SUPPLIED DATA:
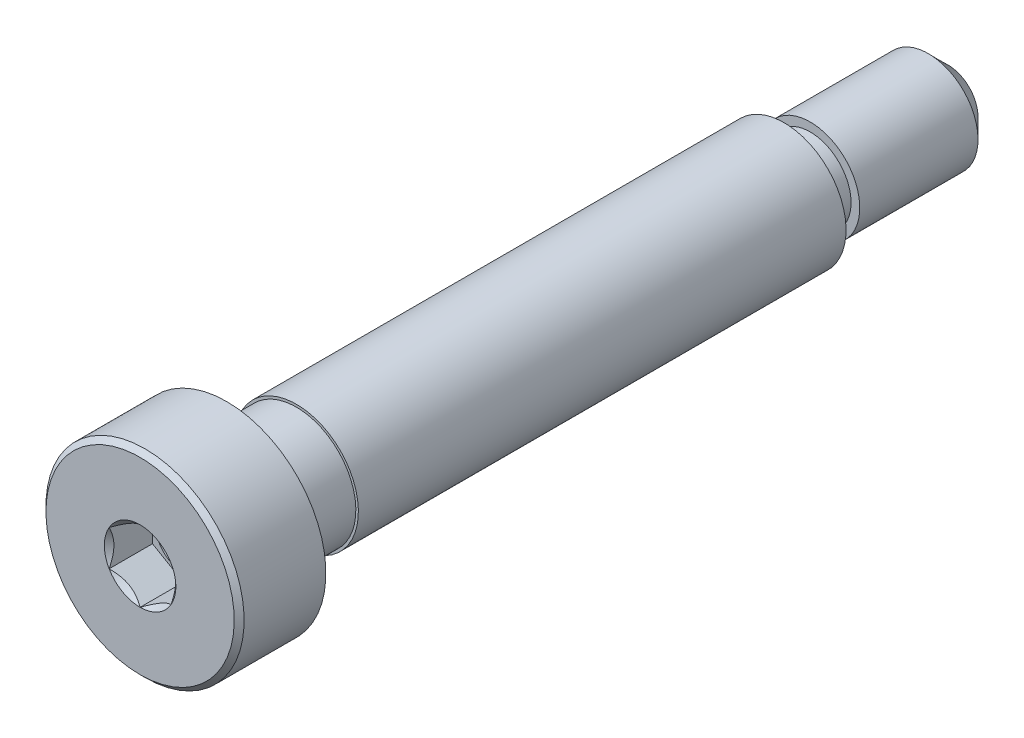
ISO-10303-21;
HEADER;
FILE_DESCRIPTION(('STEP AP214'),'2;1');
FILE_NAME('part.step','',(''),(''),'','','');
FILE_SCHEMA(('AUTOMOTIVE_DESIGN { 1 0 10303 214 1 1 1 1 }'));
ENDSEC;
DATA;
#1=APPLICATION_CONTEXT('core data for automotive mechanical design processes');
#2=APPLICATION_PROTOCOL_DEFINITION('international standard','automotive_design',2000,#1);
#3=PRODUCT_CONTEXT('',#1,'mechanical');
#4=PRODUCT('Part','Part','',(#3));
#5=PRODUCT_RELATED_PRODUCT_CATEGORY('part','',(#4));
#6=PRODUCT_DEFINITION_FORMATION('','',#4);
#7=PRODUCT_DEFINITION_CONTEXT('part definition',#1,'design');
#8=PRODUCT_DEFINITION('design','',#6,#7);
#9=PRODUCT_DEFINITION_SHAPE('','',#8);
#10=(LENGTH_UNIT() NAMED_UNIT(*) SI_UNIT(.MILLI.,.METRE.));
#11=(NAMED_UNIT(*) PLANE_ANGLE_UNIT() SI_UNIT($,.RADIAN.));
#12=(NAMED_UNIT(*) SI_UNIT($,.STERADIAN.) SOLID_ANGLE_UNIT());
#13=UNCERTAINTY_MEASURE_WITH_UNIT(LENGTH_MEASURE(1.E-05),#10,'distance_accuracy_value','');
#14=(GEOMETRIC_REPRESENTATION_CONTEXT(3) GLOBAL_UNCERTAINTY_ASSIGNED_CONTEXT((#13)) GLOBAL_UNIT_ASSIGNED_CONTEXT((#10,
#11,#12)) REPRESENTATION_CONTEXT('',''));
#15=CARTESIAN_POINT('',(0.,0.,0.));
#16=DIRECTION('',(0.,0.,1.));
#17=DIRECTION('',(1.,0.,0.));
#18=AXIS2_PLACEMENT_3D('',#15,#16,#17);
#19=CARTESIAN_POINT('',(0.,0.,32.6165));
#20=DIRECTION('',(0.,0.,1.));
#21=DIRECTION('',(0.,-1.,0.));
#22=AXIS2_PLACEMENT_3D('',#19,#20,#21);
#23=CYLINDRICAL_SURFACE('',#22,8.);
#24=CARTESIAN_POINT('',(0.,0.,25.6165));
#25=DIRECTION('',(0.,0.,1.));
#26=DIRECTION('',(0.,-1.,0.));
#27=AXIS2_PLACEMENT_3D('',#24,#25,#26);
#28=CIRCLE('',#27,8.);
#29=CARTESIAN_POINT('',(0.,-8.,25.6165));
#30=VERTEX_POINT('',#29);
#31=EDGE_CURVE('E174',#30,#30,#28,.T.);
#32=ORIENTED_EDGE('',*,*,#31,.T.);
#33=EDGE_LOOP('',(#32));
#34=FACE_BOUND('',#33,.T.);
#35=CARTESIAN_POINT('',(0.,0.,32.2165));
#36=DIRECTION('',(0.,0.,1.));
#37=DIRECTION('',(0.,-1.,0.));
#38=AXIS2_PLACEMENT_3D('',#35,#36,#37);
#39=CIRCLE('',#38,7.99999999999999);
#40=CARTESIAN_POINT('',(0.,-8.,32.2165));
#41=VERTEX_POINT('',#40);
#42=EDGE_CURVE('E452',#41,#41,#39,.T.);
#43=ORIENTED_EDGE('',*,*,#42,.F.);
#44=EDGE_LOOP('',(#43));
#45=FACE_BOUND('',#44,.T.);
#46=ADVANCED_FACE('F47',(#34,#45),#23,.T.);
#47=CARTESIAN_POINT('',(0.,5.,-19.3835));
#48=DIRECTION('',(0.,0.,1.));
#49=DIRECTION('',(0.,-1.,0.));
#50=AXIS2_PLACEMENT_3D('',#47,#48,#49);
#51=PLANE('',#50);
#52=CARTESIAN_POINT('',(0.,0.,-19.3835));
#53=DIRECTION('',(0.,0.,1.));
#54=DIRECTION('',(0.,-1.,0.));
#55=AXIS2_PLACEMENT_3D('',#52,#53,#54);
#56=CIRCLE('',#55,3.650794);
#57=CARTESIAN_POINT('',(0.,-3.650794,-19.3835));
#58=VERTEX_POINT('',#57);
#59=EDGE_CURVE('E147',#58,#58,#56,.T.);
#60=ORIENTED_EDGE('',*,*,#59,.T.);
#61=EDGE_LOOP('',(#60));
#62=FACE_BOUND('',#61,.T.);
#63=CARTESIAN_POINT('',(0.,0.,-19.3835));
#64=DIRECTION('',(0.,0.,1.));
#65=DIRECTION('',(0.,-1.,0.));
#66=AXIS2_PLACEMENT_3D('',#63,#64,#65);
#67=CIRCLE('',#66,4.);
#68=CARTESIAN_POINT('',(0.,-4.,-19.3835));
#69=VERTEX_POINT('',#68);
#70=EDGE_CURVE('E167',#69,#69,#67,.T.);
#71=ORIENTED_EDGE('',*,*,#70,.F.);
#72=EDGE_LOOP('',(#71));
#73=FACE_BOUND('',#72,.T.);
#74=ADVANCED_FACE('F259',(#62,#73),#51,.F.);
#75=CARTESIAN_POINT('',(0.,4.,-32.6165));
#76=DIRECTION('',(0.,0.,1.));
#77=DIRECTION('',(0.,-1.,0.));
#78=AXIS2_PLACEMENT_3D('',#75,#76,#77);
#79=PLANE('',#78);
#80=CARTESIAN_POINT('',(0.,0.,-32.6165));
#81=DIRECTION('',(0.,0.,1.));
#82=DIRECTION('',(0.,-1.,0.));
#83=AXIS2_PLACEMENT_3D('',#80,#81,#82);
#84=CIRCLE('',#83,2.42106159774998);
#85=CARTESIAN_POINT('',(0.,-2.42106159774999,-32.6165));
#86=VERTEX_POINT('',#85);
#87=EDGE_CURVE('E12',#86,#86,#84,.F.);
#88=ORIENTED_EDGE('',*,*,#87,.T.);
#89=EDGE_LOOP('',(#88));
#90=FACE_BOUND('',#89,.T.);
#91=ADVANCED_FACE('F267',(#90),#79,.F.);
#92=CARTESIAN_POINT('',(0.,0.,32.6165));
#93=DIRECTION('',(0.,0.,1.));
#94=DIRECTION('',(0.,-1.,0.));
#95=AXIS2_PLACEMENT_3D('',#92,#93,#94);
#96=CYLINDRICAL_SURFACE('',#95,4.);
#97=CARTESIAN_POINT('',(0.,0.,-31.03756159775));
#98=DIRECTION('',(0.,0.,1.));
#99=DIRECTION('',(0.,-1.,0.));
#100=AXIS2_PLACEMENT_3D('',#97,#98,#99);
#101=CIRCLE('',#100,4.);
#102=CARTESIAN_POINT('',(0.,-4.00000000000001,-31.03756159775));
#103=VERTEX_POINT('',#102);
#104=EDGE_CURVE('E55',#103,#103,#101,.T.);
#105=ORIENTED_EDGE('',*,*,#104,.T.);
#106=EDGE_LOOP('',(#105));
#107=FACE_BOUND('',#106,.T.);
#108=CARTESIAN_POINT('',(0.,0.,-21.488751203));
#109=DIRECTION('',(0.,0.,1.));
#110=DIRECTION('',(0.,-1.,0.));
#111=AXIS2_PLACEMENT_3D('',#108,#109,#110);
#112=CIRCLE('',#111,4.);
#113=CARTESIAN_POINT('',(0.,-4.00000000000001,-21.488751203));
#114=VERTEX_POINT('',#113);
#115=EDGE_CURVE('E158',#114,#114,#112,.T.);
#116=ORIENTED_EDGE('',*,*,#115,.F.);
#117=EDGE_LOOP('',(#116));
#118=FACE_BOUND('',#117,.T.);
#119=ADVANCED_FACE('F480',(#107,#118),#96,.T.);
#120=CARTESIAN_POINT('',(0.,3.301588,-21.488751203));
#121=DIRECTION('',(0.,0.,-1.));
#122=DIRECTION('',(0.,1.,0.));
#123=AXIS2_PLACEMENT_3D('',#120,#121,#122);
#124=PLANE('',#123);
#125=CARTESIAN_POINT('',(0.,0.,-21.488751203));
#126=DIRECTION('',(0.,0.,1.));
#127=DIRECTION('',(0.,-1.,0.));
#128=AXIS2_PLACEMENT_3D('',#125,#126,#127);
#129=CIRCLE('',#128,3.301588);
#130=CARTESIAN_POINT('',(0.,-3.301588,-21.488751203));
#131=VERTEX_POINT('',#130);
#132=EDGE_CURVE('E161',#131,#131,#129,.T.);
#133=ORIENTED_EDGE('',*,*,#132,.F.);
#134=EDGE_LOOP('',(#133));
#135=FACE_BOUND('',#134,.T.);
#136=ORIENTED_EDGE('',*,*,#115,.T.);
#137=EDGE_LOOP('',(#136));
#138=FACE_BOUND('',#137,.T.);
#139=ADVANCED_FACE('F307',(#135,#138),#124,.F.);
#140=CARTESIAN_POINT('',(0.,0.,32.6165));
#141=DIRECTION('',(0.,0.,1.));
#142=DIRECTION('',(0.,-1.,0.));
#143=AXIS2_PLACEMENT_3D('',#140,#141,#142);
#144=CYLINDRICAL_SURFACE('',#143,3.301588);
#145=CARTESIAN_POINT('',(0.,0.,-19.732706));
#146=DIRECTION('',(0.,0.,1.));
#147=DIRECTION('',(0.,-1.,0.));
#148=AXIS2_PLACEMENT_3D('',#145,#146,#147);
#149=CIRCLE('',#148,3.301588);
#150=CARTESIAN_POINT('',(0.,-3.301588,-19.732706));
#151=VERTEX_POINT('',#150);
#152=EDGE_CURVE('E164',#151,#151,#149,.T.);
#153=ORIENTED_EDGE('',*,*,#152,.F.);
#154=EDGE_LOOP('',(#153));
#155=FACE_BOUND('',#154,.T.);
#156=ORIENTED_EDGE('',*,*,#132,.T.);
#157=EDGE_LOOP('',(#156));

EXERCISE: Copy out precisely the lines from the line with "#143=AXIS2_PLACEMENT_3D('',#140,#141,#142);" to the line with "#149=CIRCLE('',#148,3.301588);" in the material above, including those two lines and omitting all the rest.

SOLUTION TO THIS TASK:
#143=AXIS2_PLACEMENT_3D('',#140,#141,#142);
#144=CYLINDRICAL_SURFACE('',#143,3.301588);
#145=CARTESIAN_POINT('',(0.,0.,-19.732706));
#146=DIRECTION('',(0.,0.,1.));
#147=DIRECTION('',(0.,-1.,0.));
#148=AXIS2_PLACEMENT_3D('',#145,#146,#147);
#149=CIRCLE('',#148,3.301588);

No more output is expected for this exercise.